--- Exercise brief ---
Copy each line containing "mechanical" from the listing below.
[Start of Attachment]
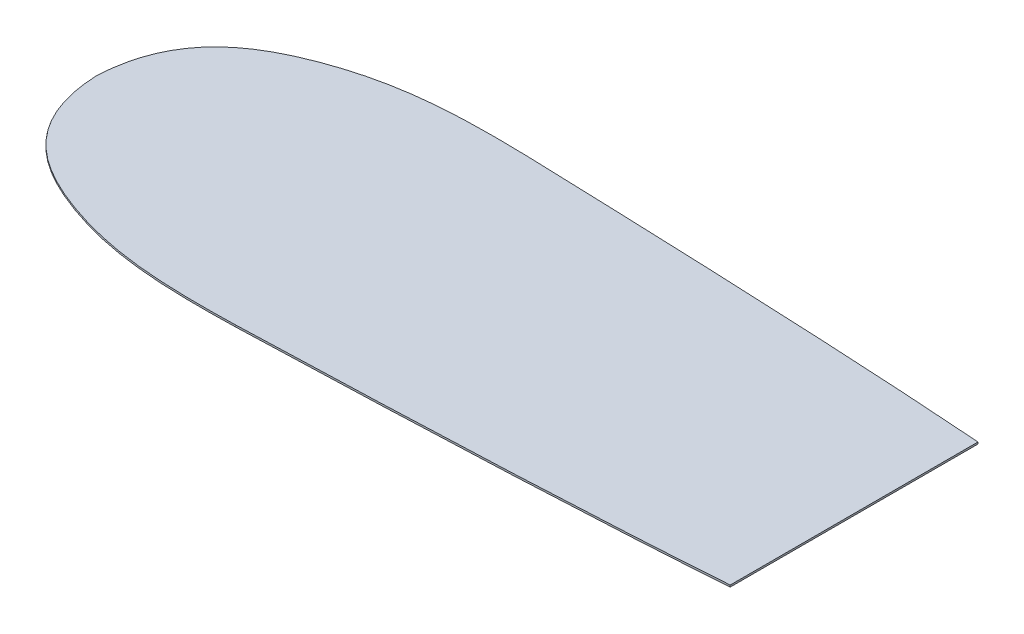
ISO-10303-21;
HEADER;
FILE_DESCRIPTION(('STEP AP214'),'2;1');
FILE_NAME('part.step','',(''),(''),'','','');
FILE_SCHEMA(('AUTOMOTIVE_DESIGN { 1 0 10303 214 1 1 1 1 }'));
ENDSEC;
DATA;
#1=APPLICATION_CONTEXT('core data for automotive mechanical design processes');
#2=APPLICATION_PROTOCOL_DEFINITION('international standard','automotive_design',2000,#1);
#3=PRODUCT_CONTEXT('',#1,'mechanical');
#4=PRODUCT('Part','Part','',(#3));
#5=PRODUCT_RELATED_PRODUCT_CATEGORY('part','',(#4));
#6=PRODUCT_DEFINITION_FORMATION('','',#4);
#7=PRODUCT_DEFINITION_CONTEXT('part definition',#1,'design');
#8=PRODUCT_DEFINITION('design','',#6,#7);
#9=PRODUCT_DEFINITION_SHAPE('','',#8);
#10=(LENGTH_UNIT() NAMED_UNIT(*) SI_UNIT(.MILLI.,.METRE.));
#11=(NAMED_UNIT(*) PLANE_ANGLE_UNIT() SI_UNIT($,.RADIAN.));
#12=(NAMED_UNIT(*) SI_UNIT($,.STERADIAN.) SOLID_ANGLE_UNIT());
#13=UNCERTAINTY_MEASURE_WITH_UNIT(LENGTH_MEASURE(1.E-05),#10,'distance_accuracy_value','');
#14=(GEOMETRIC_REPRESENTATION_CONTEXT(3) GLOBAL_UNCERTAINTY_ASSIGNED_CONTEXT((#13)) GLOBAL_UNIT_ASSIGNED_CONTEXT((#10,
#11,#12)) REPRESENTATION_CONTEXT('',''));
#15=CARTESIAN_POINT('',(0.,0.,0.));
#16=DIRECTION('',(0.,0.,1.));
#17=DIRECTION('',(1.,0.,0.));
#18=AXIS2_PLACEMENT_3D('',#15,#16,#17);
#19=CARTESIAN_POINT('',(408.55786592669,-53.8054593201718,-67.9864555983957));
#20=CARTESIAN_POINT('',(405.510783420296,-53.8054593201718,-68.2125918880234));
#21=CARTESIAN_POINT('',(400.163981406909,-53.8054593201718,-68.5997088697524));
#22=CARTESIAN_POINT('',(392.250191928234,-53.8054593201718,-69.1488737365903));
#23=CARTESIAN_POINT('',(384.914397369842,-53.8054593201718,-69.6396549512759));
#24=CARTESIAN_POINT('',(374.982367763208,-53.8054593201718,-70.2810009126777));
#25=CARTESIAN_POINT('',(362.311251705908,-53.8054593201718,-71.0577519191519));
#26=CARTESIAN_POINT('',(346.740657608973,-53.8054593201718,-71.9514358969247));
#27=CARTESIAN_POINT('',(330.853990323014,-53.8054593201718,-72.8078328315605));
#28=CARTESIAN_POINT('',(309.314194489395,-53.8054593201718,-73.901615514884));
#29=CARTESIAN_POINT('',(281.839500237322,-53.8054593201718,-75.1817055951182));
#30=CARTESIAN_POINT('',(248.374978256432,-53.8054593201718,-76.5881028931925));
#31=CARTESIAN_POINT('',(220.395834826739,-53.8054593201718,-77.6600997884309));
#32=CARTESIAN_POINT('',(198.15035735344,-53.8054593201718,-78.4625882976674));
#33=CARTESIAN_POINT('',(181.581427956624,-53.8054593201718,-79.0380575632732));
#34=CARTESIAN_POINT('',(167.916202612748,-53.8054593201718,-79.4968375830163));
#35=CARTESIAN_POINT('',(157.085804706728,-53.8054593201718,-79.8513358953218));
#36=CARTESIAN_POINT('',(151.73308734373,-53.8054593201718,-80.0252689768728));
#37=CARTESIAN_POINT('',(149.052426061608,-53.8054593201718,-80.1099839148504));
#38=B_SPLINE_CURVE_WITH_KNOTS('',3,(#19,#20,#21,#22,#23,#24,#25,#26,#27,#28,#29,#30,#31,#32,#33,
#34,#35,#36,#37),.UNSPECIFIED.,.F.,.F.,(4,1,1,1,1,1,1,1,1,1,1,1,1,1,1,1,4),(0.431997815299734,
0.454757420142134,0.472524007466795,0.490290594791455,0.508057182116116,0.543590356765438,
0.579123531414759,0.614656706064081,0.650189880713402,0.721256230012046,0.792322579310689,
0.863388928609332,0.898922103258653,0.934455277907975,0.969988452557297,0.987755039881957,
1.00548018721655),.UNSPECIFIED.);
#39=DIRECTION('',(0.,-1.,0.));
#40=VECTOR('',#39,1.);
#41=SURFACE_OF_LINEAR_EXTRUSION('',#38,#40);
#42=CARTESIAN_POINT('',(408.55786592669,-54.8054593201718,-67.9864555983957));
#43=CARTESIAN_POINT('',(405.510783420296,-54.8054593201718,-68.2125918880234));
#44=CARTESIAN_POINT('',(400.163981406909,-54.8054593201718,-68.5997088697524));
#45=CARTESIAN_POINT('',(392.250191928234,-54.8054593201718,-69.1488737365903));
#46=CARTESIAN_POINT('',(384.914397369842,-54.8054593201718,-69.6396549512759));
#47=CARTESIAN_POINT('',(374.982367763208,-54.8054593201718,-70.2810009126777));
#48=CARTESIAN_POINT('',(362.311251705908,-54.8054593201718,-71.0577519191519));
#49=CARTESIAN_POINT('',(346.740657608973,-54.8054593201718,-71.9514358969247));
#50=CARTESIAN_POINT('',(330.853990323014,-54.8054593201718,-72.8078328315605));
#51=CARTESIAN_POINT('',(309.314194489395,-54.8054593201718,-73.901615514884));
#52=CARTESIAN_POINT('',(281.839500237322,-54.8054593201718,-75.1817055951182));
#53=CARTESIAN_POINT('',(248.374978256432,-54.8054593201718,-76.5881028931925));
#54=CARTESIAN_POINT('',(220.395834826739,-54.8054593201718,-77.6600997884309));
#55=CARTESIAN_POINT('',(198.15035735344,-54.8054593201718,-78.4625882976674));
#56=CARTESIAN_POINT('',(181.581427956624,-54.8054593201718,-79.0380575632732));
#57=CARTESIAN_POINT('',(167.916202612748,-54.8054593201718,-79.4968375830163));
#58=CARTESIAN_POINT('',(157.085804706728,-54.8054593201718,-79.8513358953218));
#59=CARTESIAN_POINT('',(151.73308734373,-54.8054593201718,-80.0252689768728));
#60=CARTESIAN_POINT('',(149.052426061608,-54.8054593201718,-80.1099839148504));
#61=B_SPLINE_CURVE_WITH_KNOTS('',3,(#42,#43,#44,#45,#46,#47,#48,#49,#50,#51,#52,#53,#54,#55,#56,
#57,#58,#59,#60),.UNSPECIFIED.,.F.,.F.,(4,1,1,1,1,1,1,1,1,1,1,1,1,1,1,1,4),(0.431997815299734,
0.454757420142134,0.472524007466795,0.490290594791455,0.508057182116116,0.543590356765438,
0.579123531414759,0.614656706064081,0.650189880713402,0.721256230012046,0.792322579310689,
0.863388928609332,0.898922103258653,0.934455277907975,0.969988452557297,0.987755039881957,
1.00548018721655),.UNSPECIFIED.);
#62=CARTESIAN_POINT('',(408.55786592669,-54.8054593201718,-67.9864555983957));
#63=VERTEX_POINT('',#62);
#64=CARTESIAN_POINT('',(149.052426061608,-54.8054593201718,-80.1099839148504));
#65=VERTEX_POINT('',#64);
#66=EDGE_CURVE('E196',#63,#65,#61,.T.);
#67=ORIENTED_EDGE('',*,*,#66,.T.);
#68=DIRECTION('',(0.,-1.,0.));
#69=VECTOR('',#68,1.);
#70=CARTESIAN_POINT('',(149.052426061608,-53.8054593201718,-80.1099839148504));
#71=LINE('',#70,#69);
#72=CARTESIAN_POINT('',(149.052426061608,-53.8054593201718,-80.1099839148504));
#73=VERTEX_POINT('',#72);
#74=EDGE_CURVE('E11',#73,#65,#71,.T.);
#75=ORIENTED_EDGE('',*,*,#74,.F.);
#76=CARTESIAN_POINT('',(408.55786592669,-53.8054593201718,-67.9864555983957));
#77=VERTEX_POINT('',#76);
#78=EDGE_CURVE('E162',#77,#73,#38,.T.);
#79=ORIENTED_EDGE('',*,*,#78,.F.);
#80=DIRECTION('',(0.,-1.,0.));
#81=VECTOR('',#80,1.);
#82=CARTESIAN_POINT('',(408.55786592669,-53.8054593201718,-67.9864555983957));
#83=LINE('',#82,#81);
#84=EDGE_CURVE('E124',#77,#63,#83,.T.);
#85=ORIENTED_EDGE('',*,*,#84,.T.);
#86=EDGE_LOOP('',(#67,#75,#79,#85));
#87=FACE_BOUND('',#86,.T.);
#88=ADVANCED_FACE('F37',(#87),#41,.F.);
#89=CARTESIAN_POINT('',(149.028750543071,-53.8054593201718,-80.11066733118));
#90=DIRECTION('',(-0.0288539311335215,0.,0.999583638650684));
#91=DIRECTION('',(0.999583638650684,0.,0.0288539311335215));
#92=AXIS2_PLACEMENT_3D('',#89,#90,#91);
#93=PLANE('',#92);
#94=DIRECTION('',(-0.999583638650684,0.,-0.0288539311335215));
#95=VECTOR('',#94,1.);
#96=CARTESIAN_POINT('',(149.028750543071,-54.8054593201718,-80.11066733118));
#97=LINE('',#96,#95);
#98=CARTESIAN_POINT('',(149.028750543071,-54.8054593201718,-80.11066733118));
#99=VERTEX_POINT('',#98);
#100=EDGE_CURVE('E192',#65,#99,#97,.T.);
#101=ORIENTED_EDGE('',*,*,#100,.T.);
#102=DIRECTION('',(0.,-1.,0.));
#103=VECTOR('',#102,1.);
#104=CARTESIAN_POINT('',(149.028750543071,-53.8054593201718,-80.11066733118));
#105=LINE('',#104,#103);
#106=CARTESIAN_POINT('',(149.028750543071,-53.8054593201718,-80.11066733118));
#107=VERTEX_POINT('',#106);
#108=EDGE_CURVE('E46',#107,#99,#105,.T.);
#109=ORIENTED_EDGE('',*,*,#108,.F.);
#110=DIRECTION('',(-0.999583638650684,0.,-0.0288539311335215));
#111=VECTOR('',#110,1.);
#112=CARTESIAN_POINT('',(149.028750543071,-53.8054593201718,-80.11066733118));
#113=LINE('',#112,#111);
#114=EDGE_CURVE('E94',#73,#107,#113,.T.);
#115=ORIENTED_EDGE('',*,*,#114,.F.);
#116=ORIENTED_EDGE('',*,*,#74,.T.);
#117=EDGE_LOOP('',(#101,#109,#115,#116));
#118=FACE_BOUND('',#117,.T.);
#119=ADVANCED_FACE('F221',(#118),#93,.F.);
#120=CARTESIAN_POINT('',(149.028750543071,-53.8054593201718,-80.11066733118));
#121=CARTESIAN_POINT('',(147.936484942707,-53.8054593201718,-80.1386493892276));
#122=CARTESIAN_POINT('',(145.736828581532,-53.8054593201718,-80.1916825245391));
#123=CARTESIAN_POINT('',(141.408319901193,-53.8054593201718,-80.2810310559996));
#124=CARTESIAN_POINT('',(136.077305493243,-53.8054593201718,-80.3596421931491));
#125=CARTESIAN_POINT('',(129.825005536494,-53.8054593201718,-80.3911964408756));
#126=CARTESIAN_POINT('',(121.661707268436,-53.8054593201718,-80.3374949657146));
#127=CARTESIAN_POINT('',(111.758463737462,-53.8054593201718,-80.0678700036652));
#128=CARTESIAN_POINT('',(96.4398148388706,-53.8054593201718,-79.107371438361));
#129=CARTESIAN_POINT('',(81.7392355131955,-53.8054593201718,-77.2086267598153));
#130=CARTESIAN_POINT('',(67.3006686165004,-53.8054593201718,-74.0803934381426));
#131=CARTESIAN_POINT('',(56.5150789245028,-53.8054593201718,-71.0465504739176));
#132=CARTESIAN_POINT('',(45.6701124182547,-53.8054593201718,-67.246019325421));
#133=CARTESIAN_POINT('',(34.7210770046295,-53.8054593201718,-62.618046065346));
#134=CARTESIAN_POINT('',(24.163921637311,-53.8054593201718,-56.8744169850821));
#135=CARTESIAN_POINT('',(14.4319882487774,-53.8054593201718,-49.7157372417068));
#136=CARTESIAN_POINT('',(7.36589000542728,-53.8054593201718,-42.3241872358674));
#137=CARTESIAN_POINT('',(2.53983813162882,-53.8054593201718,-35.3923832609049));
#138=CARTESIAN_POINT('',(-0.61608136272,-53.8054593201718,-29.6389185438804));
#139=CARTESIAN_POINT('',(-3.25637865488616,-53.8054593201718,-23.2838176192413));
#140=CARTESIAN_POINT('',(-4.98135778889993,-53.8054593201718,-17.4465742838462));
#141=CARTESIAN_POINT('',(-6.04739649435333,-53.8054593201718,-12.4277006341119));
#142=CARTESIAN_POINT('',(-6.68245616737414,-53.8054593201718,-8.48450608083049));
#143=CARTESIAN_POINT('',(-7.06854682921263,-53.8054593201718,-5.04024353060589));
#144=CARTESIAN_POINT('',(-7.28732861568636,-53.8054593201718,-2.19688642431227));
#145=CARTESIAN_POINT('',(-7.36676882648855,-53.8054593201718,-0.728822352487011));
#146=CARTESIAN_POINT('',(-7.39811467827044,-53.8054593201718,0.));
#147=B_SPLINE_CURVE_WITH_KNOTS('',3,(#120,#121,#122,#123,#124,#125,#126,#127,#128,#129,#130,
#131,#132,#133,#134,#135,#136,#137,#138,#139,#140,#141,#142,#143,#144,#145,#146),.UNSPECIFIED.,
.F.,.F.,(4,1,1,1,1,1,1,1,1,1,1,1,1,1,1,1,1,1,1,1,1,1,1,1,4),(0.000305151712854408,
0.0128609903837068,0.0254814775346114,0.0507224518364203,0.0759634261382294,0.101204400440038,
0.151686349043657,0.202168297647275,0.303132194854511,0.353614143458129,0.404096092061747,
0.454578040665365,0.505059989268983,0.555541937872601,0.606023886476219,0.656505835079837,
0.681746809381646,0.706987783683455,0.732228757985264,0.757469732287074,0.770090219437978,
0.782710706588883,0.795331193739787,0.801641437315239,0.807951680890692),.UNSPECIFIED.);
#148=DIRECTION('',(0.,-1.,0.));
#149=VECTOR('',#148,1.);
#150=SURFACE_OF_LINEAR_EXTRUSION('',#147,#149);
#151=CARTESIAN_POINT('',(149.028750543071,-54.8054593201718,-80.11066733118));
#152=CARTESIAN_POINT('',(147.936484942707,-54.8054593201718,-80.1386493892276));
#153=CARTESIAN_POINT('',(145.736828581532,-54.8054593201718,-80.1916825245391));
#154=CARTESIAN_POINT('',(141.408319901193,-54.8054593201718,-80.2810310559996));
#155=CARTESIAN_POINT('',(136.077305493243,-54.8054593201718,-80.3596421931491));
#156=CARTESIAN_POINT('',(129.825005536494,-54.8054593201718,-80.3911964408756));
#157=CARTESIAN_POINT('',(121.661707268436,-54.8054593201718,-80.3374949657146));
#158=CARTESIAN_POINT('',(111.758463737462,-54.8054593201718,-80.0678700036652));
#159=CARTESIAN_POINT('',(96.4398148388706,-54.8054593201718,-79.107371438361));
#160=CARTESIAN_POINT('',(81.7392355131955,-54.8054593201718,-77.2086267598153));
#161=CARTESIAN_POINT('',(67.3006686165004,-54.8054593201718,-74.0803934381426));
#162=CARTESIAN_POINT('',(56.5150789245028,-54.8054593201718,-71.0465504739176));
#163=CARTESIAN_POINT('',(45.6701124182547,-54.8054593201718,-67.246019325421));
#164=CARTESIAN_POINT('',(34.7210770046295,-54.8054593201718,-62.618046065346));
#165=CARTESIAN_POINT('',(24.163921637311,-54.8054593201718,-56.8744169850821));
#166=CARTESIAN_POINT('',(14.4319882487774,-54.8054593201718,-49.7157372417068));
#167=CARTESIAN_POINT('',(7.36589000542728,-54.8054593201718,-42.3241872358674));
#168=CARTESIAN_POINT('',(2.53983813162882,-54.8054593201718,-35.3923832609049));
#169=CARTESIAN_POINT('',(-0.61608136272,-54.8054593201718,-29.6389185438804));
#170=CARTESIAN_POINT('',(-3.25637865488616,-54.8054593201718,-23.2838176192413));
#171=CARTESIAN_POINT('',(-4.98135778889993,-54.8054593201718,-17.4465742838462));
#172=CARTESIAN_POINT('',(-6.04739649435333,-54.8054593201718,-12.4277006341119));
#173=CARTESIAN_POINT('',(-6.68245616737414,-54.8054593201718,-8.48450608083049));
#174=CARTESIAN_POINT('',(-7.06854682921263,-54.8054593201718,-5.04024353060589));
#175=CARTESIAN_POINT('',(-7.28732861568636,-54.8054593201718,-2.19688642431227));
#176=CARTESIAN_POINT('',(-7.36676882648855,-54.8054593201718,-0.728822352487011));
#177=CARTESIAN_POINT('',(-7.39811467827044,-54.8054593201718,0.));
#178=B_SPLINE_CURVE_WITH_KNOTS('',3,(#151,#152,#153,#154,#155,#156,#157,#158,#159,#160,#161,
#162,#163,#164,#165,#166,#167,#168,#169,#170,#171,#172,#173,#174,#175,#176,#177),.UNSPECIFIED.,
.F.,.F.,(4,1,1,1,1,1,1,1,1,1,1,1,1,1,1,1,1,1,1,1,1,1,1,1,4),(0.000305151712854408,
0.0128609903837068,0.0254814775346114,0.0507224518364203,0.0759634261382294,0.101204400440038,
0.151686349043657,0.202168297647275,0.303132194854511,0.353614143458129,0.404096092061747,
0.454578040665365,0.505059989268983,0.555541937872601,0.606023886476219,0.656505835079837,
0.681746809381646,0.706987783683455,0.732228757985264,0.757469732287074,0.770090219437978,
0.782710706588883,0.795331193739787,0.801641437315239,0.807951680890692),.UNSPECIFIED.);
#179=CARTESIAN_POINT('',(-7.39811467827044,-54.8054593201718,0.));
#180=VERTEX_POINT('',#179);
#181=EDGE_CURVE('E187',#99,#180,#178,.T.);
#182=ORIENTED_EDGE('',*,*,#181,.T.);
[End of Attachment]
--- Answer ---
#1=APPLICATION_CONTEXT('core data for automotive mechanical design processes');
#3=PRODUCT_CONTEXT('',#1,'mechanical');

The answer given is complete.